Exercise 6: Set Up a Mini MPI Cluster

EXERCISE DESCRIPTION:

In this exercise you will team up with a few neighbors (from at least 1 to a maximum of 3) to build a true parallel machine composed by 2 to 4 desktop PCs. You can then run simple parallel program on top of them and compare MPI performances with respect to a standalone machine.

EXERCISE GUIDE

Task: Setting up a mini-“cluster”

1. Form teams of 2 to 4 people. Find out the IP of the PCs that will form the cluster. You can find out the IP by issuing the command:

$ /sbin/ifconfig

You will need these IP addresses in later steps.

2. You will need super-user privileges, so become the root user:

$ su -

3. All the PCs in the parallel cluster will need an identical user account (that is: same user name, user id, home directory, etc).

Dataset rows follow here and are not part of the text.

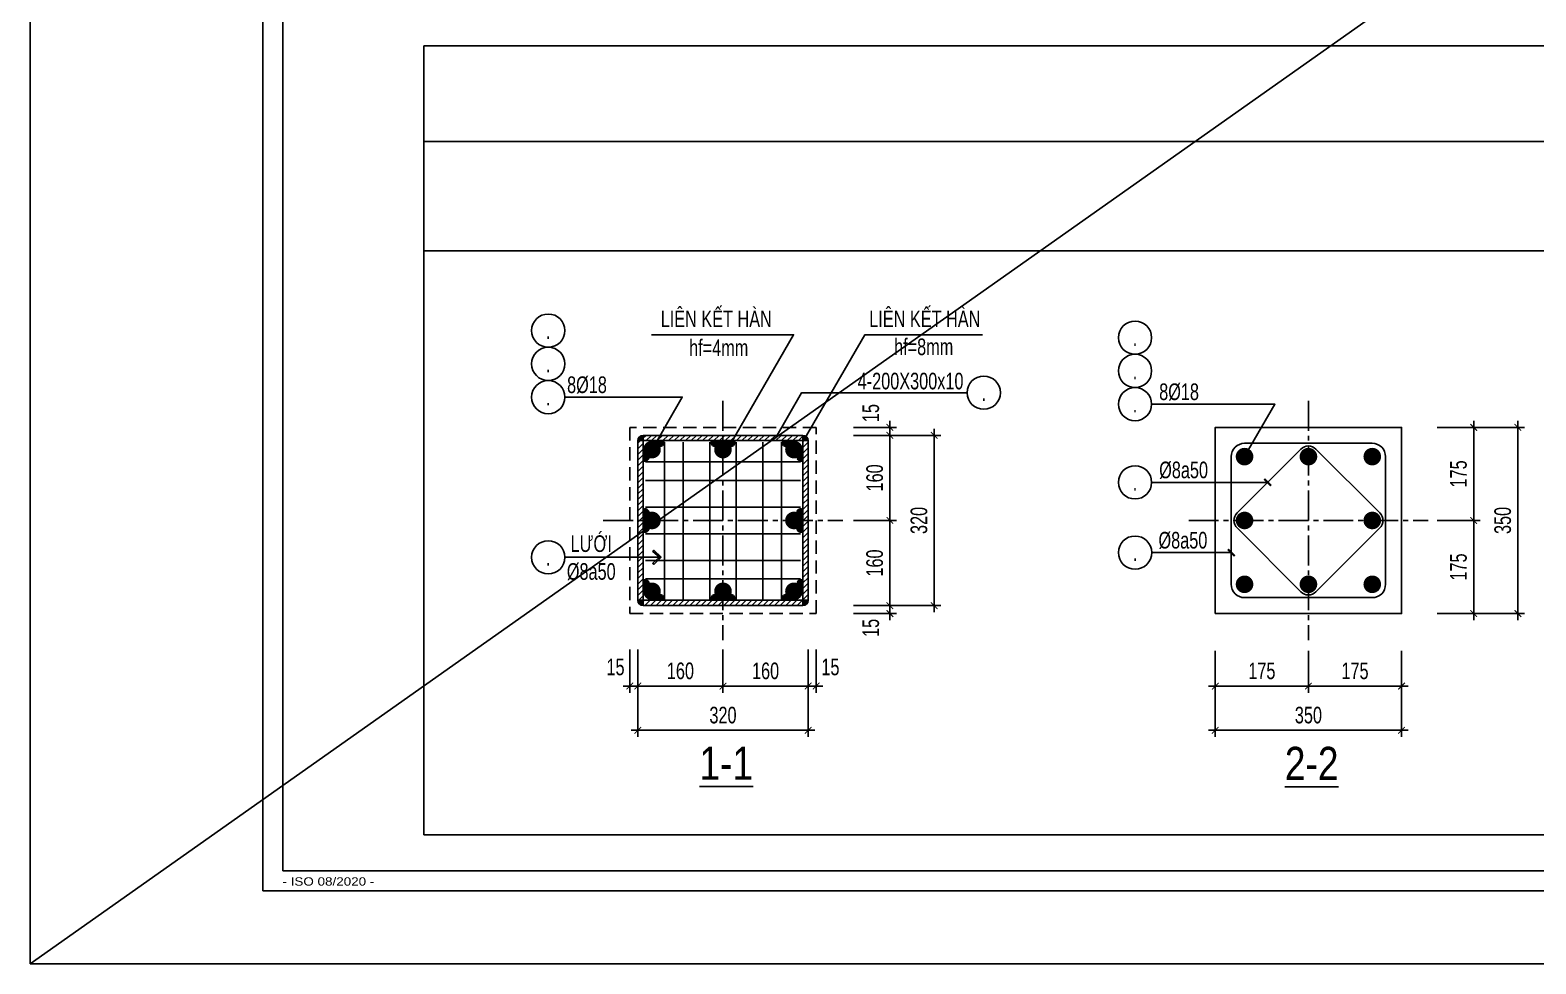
# Model space of a CAD drawing. Extents: x -24357 to 91799, y -17201 to -2351.
# Drawn here: x 47774 to 53432, y -17201 to -13691 of the extents above; entities that cross this region are included whole.
import ezdxf
from ezdxf.enums import TextEntityAlignment as Align

# ---------------------------------------------------------------- set-up
doc = ezdxf.new("R2010")
doc.units = 0
doc.header["$LTSCALE"] = 500
doc.header["$MEASUREMENT"] = 0
doc.header["$PDMODE"] = 3
doc.linetypes.add('CENTER2', pattern=[1.125, 0.75, -0.125, 0.125, -0.125])
doc.linetypes.add('HIDDEN', pattern=[0.375, 0.25, -0.125])
doc.layers.get('0').update_dxf_attribs({"linetype": 'CONTINUOUS'})
doc.layers.get('DEFPOINTS').update_dxf_attribs({"linetype": 'CONTINUOUS'})
for name, color, linetype in [('CDC -TEXT KHUNG', 7, 'CONTINUOUS'), ('CDC-KHUNGTEN', 7, 'CONTINUOUS'), ('CDC.01.AXIS', 160, 'CENTER2'), ('CDC.02.DIM', 1, 'CONTINUOUS'), ('CDC.03.BORDER', 3, 'CONTINUOUS'), ('CDC.04.HIDDEN', 8, 'HIDDEN'), ('CDC.05.STEEL', 4, 'CONTINUOUS'), ('CDC.06.TEXT', 2, 'CONTINUOUS'), ('CDC.10.HATCH', 251, 'CONTINUOUS'), ('CDC.11.NOTE', 8, 'CONTINUOUS')]:
    doc.layers.add(name, color=color, linetype=linetype)
doc.layers.add('KCS_Plotter', color=11, linetype='CONTINUOUS', plot=False)
doc.styles.add('ARIAL', font='arial.ttf', dxfattribs={"width": 0.7})
doc.styles.add('KT CDC', font='arial.ttf', dxfattribs={"width": 0.85, "height": 200})
doc.dimstyles.new('DIM25X0.5', dxfattribs={"dimscale": 25, "dimtxt": 2.5, "dimasz": 1, "dimexe": 1, "dimexo": 0, "dimgap": 1, "dimtad": 1, "dimdec": 0, "dimlfac": 0.5, "dimzin": 0, "dimdsep": 46, "dimtxsty": 'ARIAL', "dimblk": 'ARCHTICK', "dimcen": 0, "dimdle": 1, "dimclrd": 1, "dimclre": 1, "dimclrt": 2, "dimadec": 0, "dimazin": 0, "dimtfac": 1, "dimtdec": 0, "dimtix": 1, "dimtmove": 2, "dimatfit": 3, "dimldrblk": 'ARCHTICK', "dimfxl": 1, "dimtolj": 1, "dimtzin": 0, "dimarcsym": 0})
pattern_1 = [(45, (-225237.573, -328977.258), (-10.6066017, 10.6066017), [])]

# ---------------------------------------------------------------- blocks, each defined once
blk = doc.blocks.new('KHUNG A1')
at = {"layer": 'CDC-KHUNGTEN'}
blk.add_lwpolyline([(10366.22, 712.17), (10366.22, 1278.17), (9655.22, 1278.17), (9655.22, 712.17)], close=True, dxfattribs=at)
at = {"layer": 'CDC.10.HATCH', "color": 8}
blk.add_lwpolyline([(9652.22, 709.17), (10447.22, 709.17), (10447.22, 1281.17), (9652.22, 1281.17)], close=True, dxfattribs=at)
at = {"layer": 'DEFPOINTS', "color": 1}
blk.add_lwpolyline([(9617.22, 698.17), (9617.22, 1292.17), (10458.22, 1292.17), (10458.22, 698.17), (9617.22, 698.17)], close=True, dxfattribs=at)
at = {"layer": 'CDC -TEXT KHUNG', "color": 6, "style": 'KT CDC', "width": 1.15}
blk.add_text('- ISO 08/2020 -', height=1.2569, dxfattribs=at).set_placement((9655.16, 709.94))
blk = doc.blocks.new('_ArchTick')
at = {"color": 0, "linetype": 'ByBlock', "const_width": 0.15}
blk.add_lwpolyline([(-0.5, -0.5), (0.5, 0.5)], dxfattribs=at)
blk = doc.blocks.new('*D415')
at = {"layer": 'CDC.02.DIM', "color": 1, "lineweight": -2, "transparency": 16777216}
for p, q in [((50057.4, -16019.9), (50057.4, -16182.1)), ((50377.4, -16019.9), (50377.4, -16182.1)), ((50402.4, -16157.1), (50032.4, -16157.1))]:
    blk.add_line(p, q, dxfattribs=at)
at = {"layer": 'DEFPOINTS', "color": 0, "transparency": 16777216}
for p in [(50057.4, -16019.9), (50377.4, -16019.9), (50057.4, -16157.1)]:
    blk.add_point(p, dxfattribs=at)
at = {"layer": 'CDC.02.DIM', "color": 1, "lineweight": -2, "transparency": 16777216, "xscale": 25, "yscale": 25, "zscale": 25, "rotation": 180}
blk.add_blockref('_ArchTick', (50057.4, -16157.1), dxfattribs=at)
at = {"layer": 'CDC.02.DIM', "color": 1, "lineweight": -2, "transparency": 16777216, "xscale": 25, "yscale": 25, "zscale": 25}
blk.add_blockref('_ArchTick', (50377.4, -16157.1), dxfattribs=at)
at = {"layer": 'CDC.02.DIM', "color": 2, "transparency": 16777216, "insert": (50217.4, -16100.2), "char_height": 62.5, "attachment_point": 5, "style": 'ARIAL'}
blk.add_mtext('\\A1;160', dxfattribs=at)
blk = doc.blocks.new('*D416')
at = {"layer": 'CDC.02.DIM', "color": 1, "lineweight": -2, "transparency": 16777216}
for p, q in [((50057.4, -16019.9), (50057.4, -16348.3)), ((50697.4, -16019.9), (50697.4, -16348.3)), ((50722.4, -16323.3), (50032.4, -16323.3))]:
    blk.add_line(p, q, dxfattribs=at)
at = {"layer": 'DEFPOINTS', "color": 0, "transparency": 16777216}
for p in [(50057.4, -16019.9), (50697.4, -16019.9), (50057.4, -16323.3)]:
    blk.add_point(p, dxfattribs=at)
at = {"layer": 'CDC.02.DIM', "color": 1, "lineweight": -2, "transparency": 16777216, "xscale": 25, "yscale": 25, "zscale": 25, "rotation": 180}
blk.add_blockref('_ArchTick', (50057.4, -16323.3), dxfattribs=at)
at = {"layer": 'CDC.02.DIM', "color": 1, "lineweight": -2, "transparency": 16777216, "xscale": 25, "yscale": 25, "zscale": 25}
blk.add_blockref('_ArchTick', (50697.4, -16323.3), dxfattribs=at)
at = {"layer": 'CDC.02.DIM', "color": 2, "transparency": 16777216, "insert": (50377.4, -16266.4), "char_height": 62.5, "attachment_point": 5, "style": 'ARIAL'}
blk.add_mtext('\\A1;320', dxfattribs=at)
blk = doc.blocks.new('*D417')
at = {"layer": 'CDC.02.DIM', "color": 1, "lineweight": -2, "transparency": 16777216}
for p, q in [((50027.4, -16019.9), (50027.4, -16182.1)), ((50057.4, -16019.9), (50057.4, -16182.1)), ((50027.4, -16157.1), (50002.4, -16157.1)), ((50027.4, -16157.1), (50057.4, -16157.1)), ((50057.4, -16157.1), (50082.4, -16157.1))]:
    blk.add_line(p, q, dxfattribs=at)
at = {"layer": 'DEFPOINTS', "color": 0, "transparency": 16777216}
for p in [(50027.4, -16019.9), (50057.4, -16019.9), (50057.4, -16157.1)]:
    blk.add_point(p, dxfattribs=at)
at = {"layer": 'CDC.02.DIM', "color": 1, "lineweight": -2, "transparency": 16777216, "xscale": 25, "yscale": 25, "zscale": 25}
blk.add_blockref('_ArchTick', (50027.4, -16157.1), dxfattribs=at)
at = {"layer": 'CDC.02.DIM', "color": 1, "lineweight": -2, "transparency": 16777216, "xscale": 25, "yscale": 25, "zscale": 25, "rotation": 180}
blk.add_blockref('_ArchTick', (50057.4, -16157.1), dxfattribs=at)
at = {"layer": 'CDC.02.DIM', "color": 2, "transparency": 16777216, "insert": (49973.5, -16085.6), "char_height": 62.5, "attachment_point": 5, "style": 'ARIAL'}
blk.add_mtext('\\A1;15', dxfattribs=at)
blk = doc.blocks.new('*D418')
at = {"layer": 'CDC.02.DIM', "color": 1, "lineweight": -2, "transparency": 16777216}
for p, q in [((50377.4, -16019.9), (50377.4, -16182.1)), ((50697.4, -16019.9), (50697.4, -16182.1)), ((50352.4, -16157.1), (50722.4, -16157.1))]:
    blk.add_line(p, q, dxfattribs=at)
at = {"layer": 'DEFPOINTS', "color": 0, "transparency": 16777216}
for p in [(50377.4, -16019.9), (50697.4, -16019.9), (50697.4, -16157.1)]:
    blk.add_point(p, dxfattribs=at)
at = {"layer": 'CDC.02.DIM', "color": 1, "lineweight": -2, "transparency": 16777216, "xscale": 25, "yscale": 25, "zscale": 25, "rotation": 180}
blk.add_blockref('_ArchTick', (50377.4, -16157.1), dxfattribs=at)
at = {"layer": 'CDC.02.DIM', "color": 1, "lineweight": -2, "transparency": 16777216, "xscale": 25, "yscale": 25, "zscale": 25}
blk.add_blockref('_ArchTick', (50697.4, -16157.1), dxfattribs=at)
at = {"layer": 'CDC.02.DIM', "color": 2, "transparency": 16777216, "insert": (50537.4, -16100.2), "char_height": 62.5, "attachment_point": 5, "style": 'ARIAL'}
blk.add_mtext('\\A1;160', dxfattribs=at)
blk = doc.blocks.new('*D419')
at = {"layer": 'CDC.02.DIM', "color": 1, "lineweight": -2, "transparency": 16777216}
for p, q in [((50697.4, -16019.9), (50697.4, -16182.1)), ((50727.4, -16019.9), (50727.4, -16182.1)), ((50697.4, -16157.1), (50672.4, -16157.1)), ((50727.4, -16157.1), (50697.4, -16157.1)), ((50727.4, -16157.1), (50752.4, -16157.1))]:
    blk.add_line(p, q, dxfattribs=at)
at = {"layer": 'DEFPOINTS', "color": 0, "transparency": 16777216}
for p in [(50697.4, -16019.9), (50727.4, -16019.9), (50697.4, -16157.1)]:
    blk.add_point(p, dxfattribs=at)
at = {"layer": 'CDC.02.DIM', "color": 1, "lineweight": -2, "transparency": 16777216, "xscale": 25, "yscale": 25, "zscale": 25}
blk.add_blockref('_ArchTick', (50697.4, -16157.1), dxfattribs=at)
at = {"layer": 'CDC.02.DIM', "color": 1, "lineweight": -2, "transparency": 16777216, "xscale": 25, "yscale": 25, "zscale": 25, "rotation": 180}
blk.add_blockref('_ArchTick', (50727.4, -16157.1), dxfattribs=at)
at = {"layer": 'CDC.02.DIM', "color": 2, "transparency": 16777216, "insert": (50781.2, -16085.6), "char_height": 62.5, "attachment_point": 5, "style": 'ARIAL'}
blk.add_mtext('\\A1;15', dxfattribs=at)
blk = doc.blocks.new('*D420')
at = {"layer": 'CDC.02.DIM', "color": 1, "lineweight": -2, "transparency": 16777216}
for p, q in [((50867.4, -15534.4), (51029.5, -15534.4)), ((51004.5, -15509.4), (51004.5, -15879.4)), ((50867.4, -15854.4), (51029.5, -15854.4))]:
    blk.add_line(p, q, dxfattribs=at)
at = {"layer": 'DEFPOINTS', "color": 0, "transparency": 16777216}
for p in [(50867.4, -15534.4), (50867.4, -15854.4), (51004.5, -15854.4)]:
    blk.add_point(p, dxfattribs=at)
at = {"layer": 'CDC.02.DIM', "color": 1, "lineweight": -2, "transparency": 16777216, "xscale": 25, "yscale": 25, "zscale": 25}
for p, rotation in [((51004.5, -15534.4), 90), ((51004.5, -15854.4), 270)]:
    blk.add_blockref('_ArchTick', p, dxfattribs=dict(at, rotation=rotation))
at = {"layer": 'CDC.02.DIM', "color": 2, "transparency": 16777216, "insert": (50947.6, -15694.4), "char_height": 62.5, "attachment_point": 5, "rotation": 90, "style": 'ARIAL'}
blk.add_mtext('\\A1;160', dxfattribs=at)
blk = doc.blocks.new('*D421')
at = {"layer": 'CDC.02.DIM', "color": 1, "lineweight": -2, "transparency": 16777216}
for p, q in [((50867.4, -15214.4), (51195.8, -15214.4)), ((51170.8, -15189.4), (51170.8, -15879.4)), ((50867.4, -15854.4), (51195.8, -15854.4))]:
    blk.add_line(p, q, dxfattribs=at)
at = {"layer": 'DEFPOINTS', "color": 0, "transparency": 16777216}
for p in [(50867.4, -15214.4), (50867.4, -15854.4), (51170.8, -15854.4)]:
    blk.add_point(p, dxfattribs=at)
at = {"layer": 'CDC.02.DIM', "color": 1, "lineweight": -2, "transparency": 16777216, "xscale": 25, "yscale": 25, "zscale": 25}
for p, rotation in [((51170.8, -15214.4), 90), ((51170.8, -15854.4), 270)]:
    blk.add_blockref('_ArchTick', p, dxfattribs=dict(at, rotation=rotation))
at = {"layer": 'CDC.02.DIM', "color": 2, "transparency": 16777216, "insert": (51113.9, -15534.4), "char_height": 62.5, "attachment_point": 5, "rotation": 90, "style": 'ARIAL'}
blk.add_mtext('\\A1;320', dxfattribs=at)
blk = doc.blocks.new('*D422')
at = {"layer": 'CDC.02.DIM', "color": 1, "lineweight": -2, "transparency": 16777216}
for p, q in [((51004.5, -15854.4), (51004.5, -15829.4)), ((50867.4, -15854.4), (51029.5, -15854.4)), ((50867.4, -15884.4), (51029.5, -15884.4)), ((51004.5, -15884.4), (51004.5, -15854.4)), ((51004.5, -15884.4), (51004.5, -15909.4))]:
    blk.add_line(p, q, dxfattribs=at)
at = {"layer": 'DEFPOINTS', "color": 0, "transparency": 16777216}
for p in [(50867.4, -15854.4), (50867.4, -15884.4), (51004.5, -15854.4)]:
    blk.add_point(p, dxfattribs=at)
at = {"layer": 'CDC.02.DIM', "color": 1, "lineweight": -2, "transparency": 16777216, "xscale": 25, "yscale": 25, "zscale": 25}
for p, rotation in [((51004.5, -15854.4), 270), ((51004.5, -15884.4), 90)]:
    blk.add_blockref('_ArchTick', p, dxfattribs=dict(at, rotation=rotation))
at = {"layer": 'CDC.02.DIM', "color": 2, "transparency": 16777216, "insert": (50933, -15938.3), "char_height": 62.5, "attachment_point": 5, "rotation": 90, "style": 'ARIAL'}
blk.add_mtext('\\A1;15', dxfattribs=at)
blk = doc.blocks.new('*D423')
at = {"layer": 'CDC.02.DIM', "color": 1, "lineweight": -2, "transparency": 16777216}
for p, q in [((50867.4, -15214.4), (51029.5, -15214.4)), ((51004.5, -15559.4), (51004.5, -15189.4)), ((50867.4, -15534.4), (51029.5, -15534.4))]:
    blk.add_line(p, q, dxfattribs=at)
at = {"layer": 'DEFPOINTS', "color": 0, "transparency": 16777216}
for p in [(50867.4, -15214.4), (51004.5, -15214.4), (50867.4, -15534.4)]:
    blk.add_point(p, dxfattribs=at)
at = {"layer": 'CDC.02.DIM', "color": 1, "lineweight": -2, "transparency": 16777216, "xscale": 25, "yscale": 25, "zscale": 25}
for p, rotation in [((51004.5, -15214.4), 90), ((51004.5, -15534.4), 270)]:
    blk.add_blockref('_ArchTick', p, dxfattribs=dict(at, rotation=rotation))
at = {"layer": 'CDC.02.DIM', "color": 2, "transparency": 16777216, "insert": (50947.6, -15374.4), "char_height": 62.5, "attachment_point": 5, "rotation": 90, "style": 'ARIAL'}
blk.add_mtext('\\A1;160', dxfattribs=at)
blk = doc.blocks.new('*D424')
at = {"layer": 'CDC.02.DIM', "color": 1, "lineweight": -2, "transparency": 16777216}
for p, q in [((51004.5, -15184.4), (51004.5, -15159.4)), ((50867.4, -15184.4), (51029.5, -15184.4)), ((50867.4, -15214.4), (51029.5, -15214.4)), ((51004.5, -15184.4), (51004.5, -15214.4)), ((51004.5, -15214.4), (51004.5, -15239.4))]:
    blk.add_line(p, q, dxfattribs=at)
at = {"layer": 'DEFPOINTS', "color": 0, "transparency": 16777216}
for p in [(50867.4, -15184.4), (50867.4, -15214.4), (51004.5, -15214.4)]:
    blk.add_point(p, dxfattribs=at)
at = {"layer": 'CDC.02.DIM', "color": 1, "lineweight": -2, "transparency": 16777216, "xscale": 25, "yscale": 25, "zscale": 25}
for p, rotation in [((51004.5, -15184.4), 270), ((51004.5, -15214.4), 90)]:
    blk.add_blockref('_ArchTick', p, dxfattribs=dict(at, rotation=rotation))
at = {"layer": 'CDC.02.DIM', "color": 2, "transparency": 16777216, "insert": (50933, -15130.6), "char_height": 62.5, "attachment_point": 5, "rotation": 90, "style": 'ARIAL'}
blk.add_mtext('\\A1;15', dxfattribs=at)
blk = doc.blocks.new('*D425')
at = {"layer": 'CDC.02.DIM', "color": 1, "lineweight": -2, "transparency": 16777216}
for p, q in [((52577.4, -16024.4), (52577.4, -16182.1)), ((52927.4, -16024.4), (52927.4, -16182.1)), ((52952.4, -16157.1), (52552.4, -16157.1))]:
    blk.add_line(p, q, dxfattribs=at)
at = {"layer": 'DEFPOINTS', "color": 0, "transparency": 16777216}
for p in [(52577.4, -16024.4), (52927.4, -16024.4), (52577.4, -16157.1)]:
    blk.add_point(p, dxfattribs=at)
at = {"layer": 'CDC.02.DIM', "color": 1, "lineweight": -2, "transparency": 16777216, "xscale": 25, "yscale": 25, "zscale": 25, "rotation": 180}
blk.add_blockref('_ArchTick', (52577.4, -16157.1), dxfattribs=at)
at = {"layer": 'CDC.02.DIM', "color": 1, "lineweight": -2, "transparency": 16777216, "xscale": 25, "yscale": 25, "zscale": 25}
blk.add_blockref('_ArchTick', (52927.4, -16157.1), dxfattribs=at)
at = {"layer": 'CDC.02.DIM', "color": 2, "transparency": 16777216, "insert": (52752.4, -16100.2), "char_height": 62.5, "attachment_point": 5, "style": 'ARIAL'}
blk.add_mtext('\\A1;175', dxfattribs=at)
blk = doc.blocks.new('*D426')
at = {"layer": 'CDC.02.DIM', "color": 1, "lineweight": -2, "transparency": 16777216}
for p, q in [((52227.4, -16024.4), (52227.4, -16182.1)), ((52577.4, -16024.4), (52577.4, -16182.1)), ((52602.4, -16157.1), (52202.4, -16157.1))]:
    blk.add_line(p, q, dxfattribs=at)
at = {"layer": 'DEFPOINTS', "color": 0, "transparency": 16777216}
for p in [(52227.4, -16024.4), (52577.4, -16024.4), (52227.4, -16157.1)]:
    blk.add_point(p, dxfattribs=at)
at = {"layer": 'CDC.02.DIM', "color": 1, "lineweight": -2, "transparency": 16777216, "xscale": 25, "yscale": 25, "zscale": 25, "rotation": 180}
blk.add_blockref('_ArchTick', (52227.4, -16157.1), dxfattribs=at)
at = {"layer": 'CDC.02.DIM', "color": 1, "lineweight": -2, "transparency": 16777216, "xscale": 25, "yscale": 25, "zscale": 25}
blk.add_blockref('_ArchTick', (52577.4, -16157.1), dxfattribs=at)
at = {"layer": 'CDC.02.DIM', "color": 2, "transparency": 16777216, "insert": (52402.4, -16100.2), "char_height": 62.5, "attachment_point": 5, "style": 'ARIAL'}
blk.add_mtext('\\A1;175', dxfattribs=at)
blk = doc.blocks.new('*D427')
at = {"layer": 'CDC.02.DIM', "color": 1, "lineweight": -2, "transparency": 16777216}
for p, q in [((52227.4, -16024.4), (52227.4, -16348.3)), ((52927.4, -16024.4), (52927.4, -16348.3)), ((52952.4, -16323.3), (52202.4, -16323.3))]:
    blk.add_line(p, q, dxfattribs=at)
at = {"layer": 'DEFPOINTS', "color": 0, "transparency": 16777216}
for p in [(52227.4, -16024.4), (52927.4, -16024.4), (52227.4, -16323.3)]:
    blk.add_point(p, dxfattribs=at)
at = {"layer": 'CDC.02.DIM', "color": 1, "lineweight": -2, "transparency": 16777216, "xscale": 25, "yscale": 25, "zscale": 25, "rotation": 180}
blk.add_blockref('_ArchTick', (52227.4, -16323.3), dxfattribs=at)
at = {"layer": 'CDC.02.DIM', "color": 1, "lineweight": -2, "transparency": 16777216, "xscale": 25, "yscale": 25, "zscale": 25}
blk.add_blockref('_ArchTick', (52927.4, -16323.3), dxfattribs=at)
at = {"layer": 'CDC.02.DIM', "color": 2, "transparency": 16777216, "insert": (52577.4, -16266.4), "char_height": 62.5, "attachment_point": 5, "style": 'ARIAL'}
blk.add_mtext('\\A1;350', dxfattribs=at)
blk = doc.blocks.new('*D428')
at = {"layer": 'CDC.02.DIM', "color": 1, "lineweight": -2, "transparency": 16777216}
for p, q in [((53198.4, -15159.4), (53198.4, -15559.4)), ((53061.2, -15184.4), (53223.4, -15184.4)), ((53061.2, -15534.4), (53223.4, -15534.4))]:
    blk.add_line(p, q, dxfattribs=at)
at = {"layer": 'DEFPOINTS', "color": 0, "transparency": 16777216}
for p in [(53061.2, -15184.4), (53061.2, -15534.4), (53198.4, -15534.4)]:
    blk.add_point(p, dxfattribs=at)
at = {"layer": 'CDC.02.DIM', "color": 1, "lineweight": -2, "transparency": 16777216, "xscale": 25, "yscale": 25, "zscale": 25}
for p, rotation in [((53198.4, -15184.4), 90), ((53198.4, -15534.4), 270)]:
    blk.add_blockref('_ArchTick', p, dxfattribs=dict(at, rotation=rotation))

You can add a new user (named "mpi") with the following command:

# useradd -m -d /home/mpi -u 10000 -s /bin/bash mpi

With the following command, set the password of the "mpi" user to 12345678:

# passwd mpi
 <enter twice: 12345678>

4. Enable the "mpi" user account to login on both PCs without a password.

This can be accomplished with a feature of the ssh program named "public-key" authentication.

Steps b to d below are performed on one PC only,

Which PC does not matter, as long as it is part of your cluster.

a. Install NFS-server:

#apt-get install nfs-common nfs-kernel-server

b. Edit the file /etc/exports add the following line:

/home IP1(rw,no_root_squash) IP2(rw,no_root_squash) ...

where IPx are the IP addresses of the client machines.

Execute the following commnads

#exportfs -ra

c. Become user "mpi":

# su - mpi

d. Change current directory to .ssh:

$ cd ~/.ssh

If the directory does not exist yet, just create it with:

$ mkdir ~/.ssh 

$ chmod go-rwx ~/.ssh

(if it exists already make sure you do not have group write access privileges or this wont work)

e. Generate a private/public identity key pair with:

$ ssh-keygen -t dsa

Hit return (2 times) when asked for a password.

This creates 2 new files id_dsa and id_dsa.pub.

f. Copy the id_dsa.pub file under the name authorized_keys:

$ cd ~/.ssh

$ cp id_dsa.pub authorized_keys

You should have found the other PC host names in step 1.

g. From each PC, try to log into all other machines:

$ ssh mpi@other-pc

You should be able to login without a password prompt.

The following should be performed on all the slave nodes in the cluster

5. Install NFS-client

#apt-get install nfs-common

Edit /etc/fstab, and add the following line

IP:/home /home nfs rw,rsize=4096,wsize=4096,hard,intr,async,nodev,nosuid 0 0

where IP is the IP address for the server. Now reboot your client machine

6. Place the executable you want to run in a directory on one of the machines (does not matter which one, as the /home is shared)

For instance, you can copy the executable you compiled before IMB-MPI1 to the directory /home/mpi/test. To do this open a root console and type

# cp /home/myname/IMB-3.0/src/IMB-MPI1 /home/mpi/test

# chown mpi:mpi /home/mpi/test/IMB-MPI1

Return to the user console

7. Edit a host file in the @@/home/mpi@ directory:

$ gedit /home/mpi/myhosts

This file should list all the PCs in your cluster, for example:

IP1 slots=2
IP2 slots=2
.
.
.
IPn slots=2

where IPX is the IP address of the machines you wish to use. You should have identified the other PC IP in step 1.

The following steps are performed on one PC only

Which PC does not matter, as long as it is part of your cluster.

If you have performed the above steps correctly, you will be able to run MPI programs from any PC in the cluster and exploit the full multi-processor power from any PC in the cluster.

8. To run a mpi code (eg. the IMB) across different nodes you should type (eg. 2 PCs)

$ mpirun --hostfile myhosts -np 4 ./IMB-MPI1

9. Issue the top command on all PCs to make sure the code is running everywhere in the cluster.

10. Now rerun the benchmark and save the program output on a file as in the previous exercise. Observe the difference in performance compared to the run on a single PC. Why is there such a difference?